Amanons certainly go for certain plants. Neocaridina davidi varieties do not -  at least not in my experience.

Cheers,
Michael


----------



## Dominik K (25 Aug 2021)

Zeus. said:


> No from when the lights come on till the lights go off, do plants only use light at brightest times ?
> As soon as the plants get enough light their photosynthesis engines kick in, at this time you should already be at your target [CO2], then 'ideally' keep at that [CO2] for 4-5 hrs min.
> Any light is light for algae IMO
> 
> ...



Sure its this stuff here:

Amazon product

Sorry If I'm being a bit thick, but how do I tell when the period is in my set up? There is a constant supply of some light apart from night time where its blue light only until about 6 am. 
In my mind the theory is that the plants will have enough light to start photo synthesise at sun up @ 6-7Am.



Karmicnull said:


> Wet a piece of kitchen paper with vinegar and rub it round the water mark.  The vinegar will dissolve the scale.  As Zeus says you have to keep on top of it, but it works wonders.  if one or two drips of vinegar end up in the tank they'll be trivial in comparison to the tank volume, and won't harm the livestock
> 
> 
> Some things to bear in mind
> ...



Ok thanks for the tip. I've been using vinegar to clean all sorts of glassware including tank prior to flooding.
I was worried about using vinegar water on cloth in case some drip in.


To clarify, im not too worried about fish eating the shrimp. Im worried about shrimps killing off my carpet roots  I would definitely like some shrimp but ive read very conflicting accounts on their treatment of plants 
I'm not dead set - but a small school of tetras and a Honey gourami seem like a nice combo.

However , I'm prioritising my clean-up fish before deciding on other fish.

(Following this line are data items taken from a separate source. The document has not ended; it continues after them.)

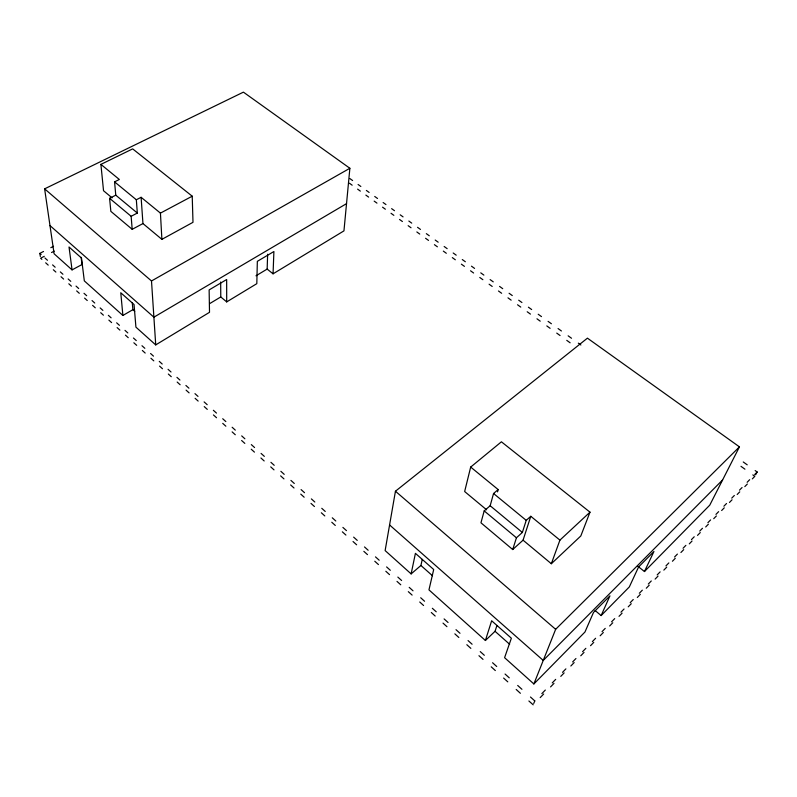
<?xml version="1.0" encoding="UTF-8"?>
<svg xmlns="http://www.w3.org/2000/svg" width="797" height="797" viewBox="0 0 797 797"><rect width="100%" height="100%" fill="white"/><g stroke="black" fill="none" stroke-linecap="round" stroke-linejoin="round"><path stroke-width="1.2" d="M81.125 257.311L82.021 264.524L72.059 269.884L54.096 253.785L44.622 188.849L243.414 92.143L349.873 168.277L343.955 230.871L273.062 273.819L267.154 269.087L267.643 254.223M273.062 273.819L273.899 251.533L257.341 261.336L256.813 283.662L226.697 301.904L220.779 296.952L220.669 282.018M637.849 566.249L644.454 571.539L709.758 505.159L739.447 446.868L587.429 338.157L395.442 491.231L385.13 550.578L411.132 573.9L420.926 565.481L422.241 559.414M411.132 573.9L415.416 553.347L433.698 569.526L428.965 589.88L485.403 640.489L495.047 631.304L496.939 625.486M551.335 563.728L559.922 540.127L530.792 516.287L523.061 540.177L551.335 563.728L580.814 535.963L589.989 512.162L501.413 441.807L470.678 467.072L464.651 491.53L486.598 509.801M470.678 467.072L498.155 489.567L493.552 493.502L490.165 505.746L484.197 510.887L480.95 522.802L512.72 549.541L523.061 540.177M497.507 491.869L498.155 489.567M512.72 549.541L516.436 537.786L522.354 532.456L526.229 520.361L530.792 516.287M485.403 640.489L491.649 620.773L511.365 638.208L504.591 657.684L533.87 683.946L584.958 632.021L593.486 612.455L609.944 595.857L601.137 615.573L595.11 610.522M533.87 683.946L555.648 629.311L739.447 446.868M533.731 703.452L534.807 700.872M644.454 571.539L653.948 551.484L638.586 566.976L629.331 586.921L601.137 615.573M755.646 474.773L757.15 471.993L755.158 470.559M541.84 693.629L545.327 690.043M552.251 682.909L555.688 679.373M562.503 672.359L565.89 668.872M572.615 661.958L575.942 658.521M582.567 651.707L585.855 648.33M592.37 641.615L595.608 638.277M602.034 631.662L605.232 628.385M611.558 621.859L614.706 618.621M620.953 612.196L624.051 609.008M630.198 602.671L633.256 599.523M639.324 593.277L642.332 590.178M648.32 584.022L651.288 580.963M657.186 574.896L660.115 571.877M665.933 565.89L668.822 562.921M674.551 557.013L677.4 554.084M683.059 548.256L685.868 545.367M691.457 539.619L694.227 536.77M699.726 531.101L702.466 528.281M707.895 522.693L710.595 519.913M715.955 514.394L718.615 511.654M723.905 506.215L726.535 503.505M731.746 498.135L734.346 495.465M739.496 490.165L742.057 487.535M747.138 482.295L749.658 479.694M754.679 474.534L757.15 471.993M533.193 704.827L528.889 700.991M540.197 697.604L543.664 694.018M550.568 686.914L553.985 683.378M560.779 676.374L564.156 672.897M570.841 666.003L574.169 662.576M580.764 655.782L584.032 652.404M590.537 645.7L593.755 642.372M600.161 635.777L603.339 632.499M609.655 625.984L612.783 622.756M619.01 616.34L622.098 613.162M628.225 606.836L631.274 603.698M637.321 597.461L640.32 594.363M646.287 588.216L649.246 585.167M655.124 579.1L658.043 576.092M663.841 570.114L666.72 567.145M672.439 561.247L675.278 558.318M680.917 552.51L683.716 549.621M689.285 543.883L692.045 541.033M697.534 535.375L700.264 532.565M705.684 526.976L708.374 524.197M713.713 518.688L716.373 515.958M721.644 510.518L724.264 507.819M729.474 502.449L732.054 499.779M737.195 494.479L739.746 491.849M744.816 486.618L747.337 484.028M752.348 478.867L754.809 476.327L752.826 474.892M722.6 479.943L543.245 660.434L389.584 524.964M559.922 540.127L589.989 512.162M132.272 302.521L132.87 309.684L122.887 315.463L120.775 292.768L134.045 304.504L135.918 327.139L155.724 344.902L209.511 312.314L209.133 289.909L226.657 279.528L226.697 301.904M209.651 303.627L220.779 296.952M255.976 275.802L267.154 269.087M346.536 203.643L153.891 317.186L49.982 225.581M155.724 344.902L151.5 280.972L349.873 168.277M100.91 164.381L119.341 179.474L114.569 181.865L136.337 199.768L141.109 197.297L142.952 223.568L161.891 239.349L192.994 222.313L192.226 196.192L132.671 148.88L100.91 164.381L103.53 190.732L112.088 197.865M132.182 229.317L131.146 216.296L137.323 213.058L115.764 195.175L109.597 198.314L110.843 211.354L132.182 229.317L142.952 223.568M161.891 239.349L160.436 213.118L192.226 196.192M44.273 256.325L40.617 258.228L41.872 259.374M51.536 252.529L54.246 251.115M40.338 256.495L39.85 253.386L43.516 251.473M50.819 247.688L53.538 246.273M349.893 178.578L352.613 180.54M358.092 184.486L360.842 186.468M366.371 190.443L369.141 192.446M374.72 196.46L377.519 198.473M383.138 202.528L385.957 204.56M391.626 208.645L394.475 210.697M400.194 214.811L403.063 216.884M408.831 221.038L411.73 223.13M417.548 227.314L420.467 229.426M426.335 233.651L429.284 235.773M435.212 240.046L438.181 242.188M444.158 246.492L447.157 248.654M453.184 252.998L456.213 255.17M462.29 259.553L465.348 261.755M471.485 266.178L474.564 268.4M480.75 272.853L483.869 275.095M490.115 279.598L493.253 281.859M499.56 286.402L502.718 288.683M509.084 293.266L512.282 295.567M518.698 300.2L521.925 302.521M528.411 307.194L531.659 309.535M538.204 314.247L541.492 316.608M548.087 321.37L551.404 323.761M558.069 328.563L561.417 330.974M568.141 335.816L571.519 338.247M578.313 343.138L580.874 344.981M743.262 461.981L747.217 464.83M349.445 183.23L352.164 185.193M357.614 189.138L360.354 191.121M365.863 195.106L368.622 197.098M374.172 201.113L376.961 203.125M382.56 207.18L385.369 209.213M391.018 213.287L393.848 215.339M399.546 219.454L402.405 221.526M408.154 225.681L411.033 227.763M416.831 231.957L419.74 234.059M425.588 238.283L428.517 240.405M434.415 244.669L437.384 246.811M443.331 251.115L446.32 253.277M452.317 257.61L455.326 259.792M461.383 264.166L464.432 266.367M470.539 270.791L473.607 273.002M479.774 277.466L482.862 279.697M489.089 284.2L492.207 286.452M498.484 290.995L501.642 293.276M507.978 297.849L511.156 300.15M517.542 304.773L520.76 307.094M527.206 311.757L530.443 314.108M536.959 318.81L540.227 321.171M546.802 325.923L550.099 328.314M556.734 333.106L560.062 335.517M566.757 340.359L570.124 342.79M740.991 466.335L744.926 469.174M141.109 197.297L160.436 213.118M493.552 493.502L526.229 520.361M490.165 505.746L522.354 532.456M109.597 198.314L131.146 216.296M484.197 510.887L516.436 537.786M44.622 188.849L151.5 280.972M395.442 491.231L555.648 629.311M132.87 309.684L134.733 311.338M420.926 565.481L432.492 575.753M495.047 631.304L509.632 644.255M122.887 315.463L84.313 280.873L81.493 258.029L69.02 247L72.059 269.884M39.85 253.386L41.115 254.522M44.921 257.969L47.471 260.27M52.592 264.903L55.162 267.224M60.333 271.907L62.923 274.248M68.144 278.97L70.764 281.341M76.034 286.103L78.684 288.494M84.004 293.306L86.674 295.717M92.044 300.579L94.743 303.019M100.163 307.921L102.883 310.382M108.362 315.333L111.112 317.824M116.641 322.815L119.42 325.325M124.999 330.376L127.809 332.917M133.448 338.018L136.277 340.578M141.976 345.729L144.835 348.309M150.583 353.509L153.472 356.129M159.28 361.38L162.199 364.02M168.067 369.32L171.016 371.99M176.944 377.35L179.923 380.039M185.91 385.459L188.919 388.179M194.966 393.648L198.005 396.398M204.122 401.917L207.19 404.697M213.367 410.286L216.465 413.085M222.712 418.734L225.84 421.563M232.146 427.262L235.314 430.131M241.69 435.889L244.888 438.788M251.324 444.606L254.562 447.535M261.067 453.413L264.345 456.372M270.92 462.32L274.218 465.309M280.873 471.316L284.21 474.345M290.925 480.412L294.302 483.47M301.097 489.607L304.514 492.695M311.378 498.902L314.825 502.03M321.769 508.307L325.256 511.455M332.279 517.801L335.806 520.999M342.899 527.415L346.466 530.633M353.639 537.128L357.255 540.386M364.508 546.951L368.154 550.249M375.497 556.884L379.183 560.221M386.605 566.926L390.331 570.303M397.842 577.088L401.608 580.505M409.21 587.369L413.025 590.816M420.706 597.76L424.562 601.257M432.333 608.28L436.238 611.807M444.098 618.92L448.053 622.487M456.004 629.68L459.999 633.296M468.048 640.569L472.093 644.235M480.242 651.597L484.337 655.293M492.576 662.745L496.72 666.491M505.059 674.033L509.253 677.829M517.691 685.46L521.935 689.295M530.473 697.016L534.777 700.902M45.668 262.811L48.209 265.112M53.309 269.735L55.87 272.066M61.02 276.728L63.611 279.08M68.811 283.792L71.421 286.163M76.661 290.915L79.301 293.306M84.602 298.118L87.262 300.529M92.611 305.381L95.301 307.821M100.701 312.713L103.411 315.174M108.87 320.115L111.61 322.606M117.119 327.597L119.879 330.107M125.438 335.148L128.237 337.679M133.856 342.78L136.676 345.33M142.344 350.481L145.193 353.061M150.922 358.252L153.801 360.862M159.579 366.112L162.488 368.742M168.336 374.042L171.275 376.702M177.173 382.062L180.142 384.752M186.1 390.151L189.098 392.871M195.116 398.331L198.144 401.08M204.231 406.59L207.29 409.369M213.437 414.938L216.525 417.738M222.732 423.376L225.86 426.206M232.136 431.894L235.284 434.754M241.63 440.502L244.818 443.401M251.224 449.209L254.442 452.128M260.918 457.996L264.176 460.955M270.721 466.883L274.009 469.871M280.624 475.869L283.951 478.887M290.636 484.945L294.003 487.993M300.758 494.12L304.155 497.208M310.989 503.395L314.426 506.513M321.33 512.78L324.797 515.928M331.781 522.254L335.298 525.442M342.351 531.838L345.898 535.056M353.041 541.532L356.628 544.789M363.85 551.335L367.477 554.622M374.779 561.237L378.445 564.565M385.828 571.26L389.534 574.627M397.006 581.402L400.761 584.799M408.313 591.653L412.109 595.09M419.74 602.014L423.586 605.501M431.307 612.504L435.192 616.031M443.012 623.115L446.938 626.681M454.848 633.854L458.823 637.461M466.823 644.713L470.848 648.359M478.947 655.702L483.012 659.388M491.211 666.82L495.326 670.556M503.614 678.068L507.789 681.853M516.177 689.465L520.391 693.29M114.569 181.865L115.764 195.175M136.337 199.768L137.323 213.058"/></g></svg>
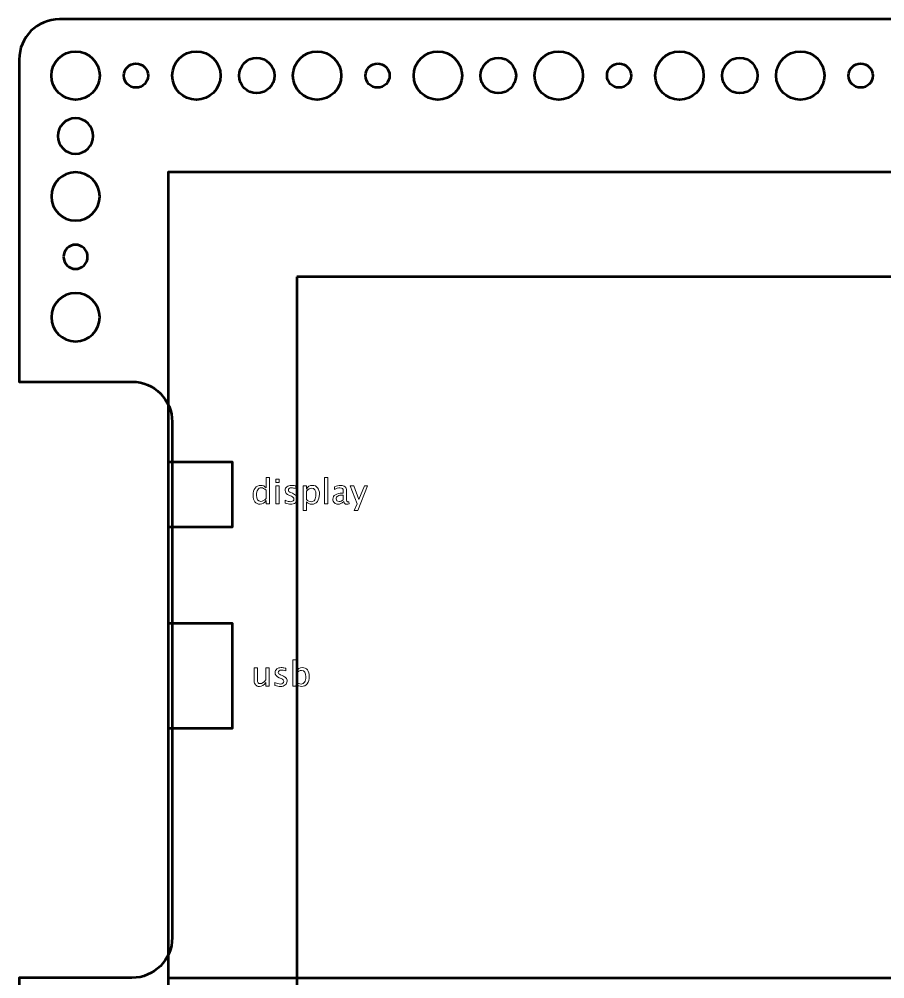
# Model space of a CAD drawing. Header units: centimetres. Extents: x -69 to 69, y -115 to 104.
# Drawn here: x -16.45 to -5.7, y -74.96 to -63.05 of the extents above; entities that cross this region are included whole.
import ezdxf

# ---------------------------------------------------------------- set-up
doc = ezdxf.new("R2010")
doc.units = ezdxf.units.CM
doc.header["$MEASUREMENT"] = 0
doc.layers.add('Layer 1', color=7, linetype='Continuous')

msp = doc.modelspace()

# ---------------------------------------------------------------- linework, layer by layer
at = {"layer": 'Layer 1', "color": 30, "lineweight": 53}
for points in [[(-14.6, -85.05), (14.6, -85.05), (14.6, -64.95), (-14.6, -64.95), (-14.6, -85.05)], [(-14.6, -69.35), (-13.8, -69.35), (-13.8, -68.55), (-14.6, -68.55), (-14.6, -69.35)], [(-14.6, -71.85001), (-13.8, -71.85001), (-13.8, -70.55001), (-14.6, -70.55001), (-14.6, -71.85001)]]:
    msp.add_lwpolyline(points, close=True, dxfattribs=at)
at = {"layer": 'Layer 1', "lineweight": 53}
for centre, major_axis in [((-15.74999, -63.75001), (0, 0.30001)), ((-14.24999, -63.75001), (0, 0.30001)), ((-12.74999, -63.75001), (0, 0.30001)), ((-11.24999, -63.75001), (0, 0.30001)), ((-9.74999, -63.75001), (0, 0.30001)), ((-8.24999, -63.75001), (0, 0.30001)), ((-6.74999, -63.75001), (0, 0.30001)), ((-15, -63.75), (0, 0.15)), ((-13.5, -63.75), (0, 0.22)), ((-12, -63.75), (0, 0.15)), ((-10.5, -63.75), (0, 0.22)), ((-9, -63.75), (0, 0.15)), ((-7.5, -63.75), (0, 0.22)), ((-6, -63.75), (0, 0.15))]:
    msp.add_ellipse(centre, major_axis=major_axis, ratio=1, dxfattribs=at)
for points, knots in [([(-16.45, -86.45), (-16.45, -86.45), (-16.45, -74.95), (-16.45, -74.95), (-16.45, -74.95), (-16.45, -74.95), (-15.05, -74.95), (-15.05, -74.95), (-15.05, -74.95), (-14.77386, -74.95), (-14.55, -74.72614), (-14.55, -74.45), (-14.55, -74.45), (-14.55, -74.45), (-14.55, -68.05), (-14.55, -68.05), (-14.55, -68.05), (-14.55, -67.77386), (-14.77386, -67.55), (-15.05, -67.55), (-15.05, -67.55), (-15.05, -67.55), (-16.45, -67.55), (-16.45, -67.55), (-16.45, -67.55), (-16.45, -67.55), (-16.45, -63.55), (-16.45, -63.55), (-16.45, -63.55), (-16.45, -63.27386), (-16.22614, -63.05), (-15.95, -63.05), (-15.95, -63.05), (-15.95, -63.05), (15.95, -63.05), (15.95, -63.05), (15.95, -63.05), (16.22614, -63.05), (16.45, -63.27386), (16.45, -63.55), (16.45, -63.55), (16.45, -63.55), (16.45, -64.55), (16.45, -64.55), (16.45, -64.55), (16.45, -64.55), (15.05, -64.55), (15.05, -64.55), (15.05, -64.55), (14.77386, -64.55), (14.55, -64.77386), (14.55, -65.05), (14.55, -65.05), (14.55, -65.05), (14.55, -72.95), (14.55, -72.95), (14.55, -72.95), (14.55, -73.22614), (14.77386, -73.45), (15.05, -73.45), (15.05, -73.45), (15.05, -73.45), (16.45, -73.45), (16.45, -73.45), (16.45, -73.45), (16.45, -73.45), (16.45, -76.55), (16.45, -76.55), (16.45, -76.55), (16.45, -76.55), (15.05, -76.55), (15.05, -76.55), (15.05, -76.55), (14.77386, -76.55), (14.55, -76.77386), (14.55, -77.05), (14.55, -77.05), (14.55, -77.05), (14.55, -80.45), (14.55, -80.45), (14.55, -80.45), (14.55, -80.72614), (14.77386, -80.95), (15.05, -80.95), (15.05, -80.95), (15.05, -80.95), (16.45, -80.95), (16.45, -80.95), (16.45, -80.95), (16.45, -80.95), (16.45, -86.45), (16.45, -86.45), (16.45, -86.45), (16.45, -86.72614), (16.22614, -86.95), (15.95, -86.95), (15.95, -86.95), (15.95, -86.95), (-15.95, -86.95), (-15.95, -86.95), (-15.95, -86.95), (-16.22614, -86.95), (-16.45, -86.72614), (-16.45, -86.45)], [0, 0, 0, 0, 0.03703704, 0.03703704, 0.03703704, 0.03703704, 0.07407407, 0.07407407, 0.07407407, 0.07407407, 0.11111111, 0.11111111, 0.11111111, 0.11111111, 0.14814815, 0.14814815, 0.14814815, 0.14814815, 0.18518519, 0.18518519, 0.18518519, 0.18518519, 0.22222222, 0.22222222, 0.22222222, 0.22222222, 0.25925926, 0.25925926, 0.25925926, 0.25925926, 0.2962963, 0.2962963, 0.2962963, 0.2962963, 0.33333333, 0.33333333, 0.33333333, 0.33333333, 0.37037037, 0.37037037, 0.37037037, 0.37037037, 0.40740741, 0.40740741, 0.40740741, 0.40740741, 0.44444444, 0.44444444, 0.44444444, 0.44444444, 0.48148148, 0.48148148, 0.48148148, 0.48148148, 0.51851852, 0.51851852, 0.51851852, 0.51851852, 0.55555556, 0.55555556, 0.55555556, 0.55555556, 0.59259259, 0.59259259, 0.59259259, 0.59259259, 0.62962963, 0.62962963, 0.62962963, 0.62962963, 0.66666667, 0.66666667, 0.66666667, 0.66666667, 0.7037037, 0.7037037, 0.7037037, 0.7037037, 0.74074074, 0.74074074, 0.74074074, 0.74074074, 0.77777778, 0.77777778, 0.77777778, 0.77777778, 0.81481481, 0.81481481, 0.81481481, 0.81481481, 0.85185185, 0.85185185, 0.85185185, 0.85185185, 0.88888889, 0.88888889, 0.88888889, 0.88888889, 0.92592593, 0.92592593, 0.92592593, 0.92592593, 1, 1, 1, 1]), ([(-15.97, -64.5), (-15.97, -64.3785), (-15.8715, -64.28), (-15.75, -64.28), (-15.75, -64.28), (-15.6285, -64.28), (-15.53, -64.3785), (-15.53, -64.5), (-15.53, -64.5), (-15.53, -64.6215), (-15.6285, -64.72), (-15.75, -64.72), (-15.75, -64.72), (-15.8715, -64.72), (-15.97, -64.6215), (-15.97, -64.5)], [0, 0, 0, 0, 0.2, 0.2, 0.2, 0.2, 0.4, 0.4, 0.4, 0.4, 0.6, 0.6, 0.6, 0.6, 1, 1, 1, 1]), ([(-16.05, -65.25), (-16.05, -65.08431), (-15.91569, -64.95), (-15.75, -64.95), (-15.75, -64.95), (-15.58431, -64.95), (-15.45, -65.08431), (-15.45, -65.25), (-15.45, -65.25), (-15.45, -65.41569), (-15.58431, -65.55), (-15.75, -65.55), (-15.75, -65.55), (-15.91569, -65.55), (-16.05, -65.41569), (-16.05, -65.25)], [0, 0, 0, 0, 0.2, 0.2, 0.2, 0.2, 0.4, 0.4, 0.4, 0.4, 0.6, 0.6, 0.6, 0.6, 1, 1, 1, 1]), ([(-15.9, -66), (-15.9, -65.91716), (-15.83284, -65.85), (-15.75, -65.85), (-15.75, -65.85), (-15.66716, -65.85), (-15.6, -65.91716), (-15.6, -66), (-15.6, -66), (-15.6, -66.08284), (-15.66716, -66.15), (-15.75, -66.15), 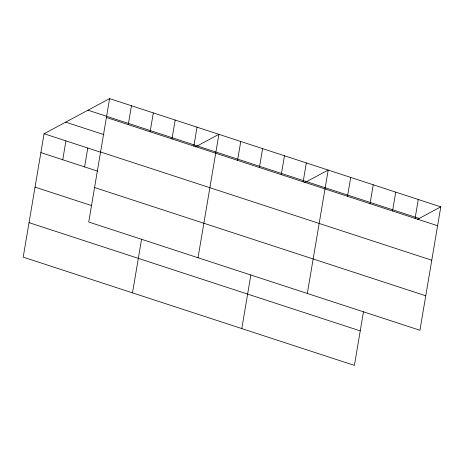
<?xml version="1.0" encoding="UTF-8"?>
<svg xmlns="http://www.w3.org/2000/svg" width="464" height="464" viewBox="0 0 464 464"><rect width="100%" height="100%" fill="white"/><g stroke="black" fill="none" stroke-linecap="round" stroke-linejoin="round"><path stroke-width="0.7" d="M109.603 98.617L88.728 222.024L419.926 330.264L440.8 206.857L109.603 98.617L44.074 133.736L23.2 257.143L354.397 365.383L363.48 311.698M62.739 159.761L65.934 140.882M84.599 166.907L87.789 148.022M128.267 124.642L131.463 105.757M150.127 131.782L153.317 112.903M132.495 292.865L141.578 239.18M171.987 138.927L175.177 120.048M193.842 146.073L197.038 127.188M198.024 257.74L218.898 134.334L195.414 146.92M237.562 160.358L240.758 141.479M259.422 167.504L262.612 148.619M241.79 328.582L250.873 274.897M281.283 174.65L284.473 155.765M303.137 181.789L306.333 162.91M307.319 293.463L328.193 170.056L304.709 182.636M347.519 196.295L350.714 177.416M370.04 203.655L373.236 184.776M392.561 211.016L395.757 192.137M415.083 218.376L418.279 199.497M417.322 219.443L440.8 206.857M87.974 110.206L419.178 218.445M106.407 117.496L437.604 225.736M65.697 122.148L103.953 134.647M100.572 151.989L431.769 260.229M44.074 133.736L100.769 152.267M40.878 152.615L97.579 171.146M94.563 187.531L425.761 295.771M35.044 187.114L91.744 205.639M29.035 222.65L360.232 330.89"/></g></svg>

Tbh I'm not sure about the loach. Id like one because  I don't think my tank is big enough for a pleco and they look pretty ruddy cool and sre supposedly excellent algea eaters.
Could potnetialy get a zebra pleco but it has the same issues as the loach in terms of liking fast flowing oxygenated water and being very expensive. So probably not a good idea for  a beginner. Also I don't have any driftwood whcih they need aparently.

Apart from nerites and the Otos I don't know of any other good algea eaters that I could get apart from the Hillstream loach.  I was considering other snails but with the tank being open topped mystery snails and other types would likely climb out so nerites seems like go to. I think All plecos will get too big?

Thanks for the advice. When using the Aqadvisor im aiming for a 85% or lower because I like to be on he safe side.

A lot of fish I like seem to prefer less hard water, what can I do to lower hardness or am I pretty stuffed in this regard?


My plan is: 

Do a test when I get home from work 6am, once test done add the CO2 and another one mid day when the light is at its most intense 6 hrs or so later and then another test following  a big water change.


----------



## sparkyweasel (26 Aug 2021)

They like to call those products 'liquid CO2', but they are not. Most (and I think this includes yours, check the label) are based on gluteraldehyde, a disinfectant and biocide. It _may _help plants to thrive by killing algae, but not by increasing the CO2 level. It also kills some plants, even at the recommended dose. 

Ramshorn snails are good, and not prone to leaving the tank.

Most fish will be fine with your water hardness, including the species you listed.
I would leave the Hillstream Loach out, they like fast-flowing, well-aerated water and a lower temperature than most 'tropical' fish. But don't worry, this hobby is quite addictive, - it may not be long before you have several tanks on the go and you can dedicate one to their needs.


----------



## Dominik K (26 Aug 2021)

Thanks for the insight.. Yeah its gluteraldehyde 🙈
Requested a return already. This stuff sounds nasty... 
Is there any feasible alternatives to a proper CO2 injector ?  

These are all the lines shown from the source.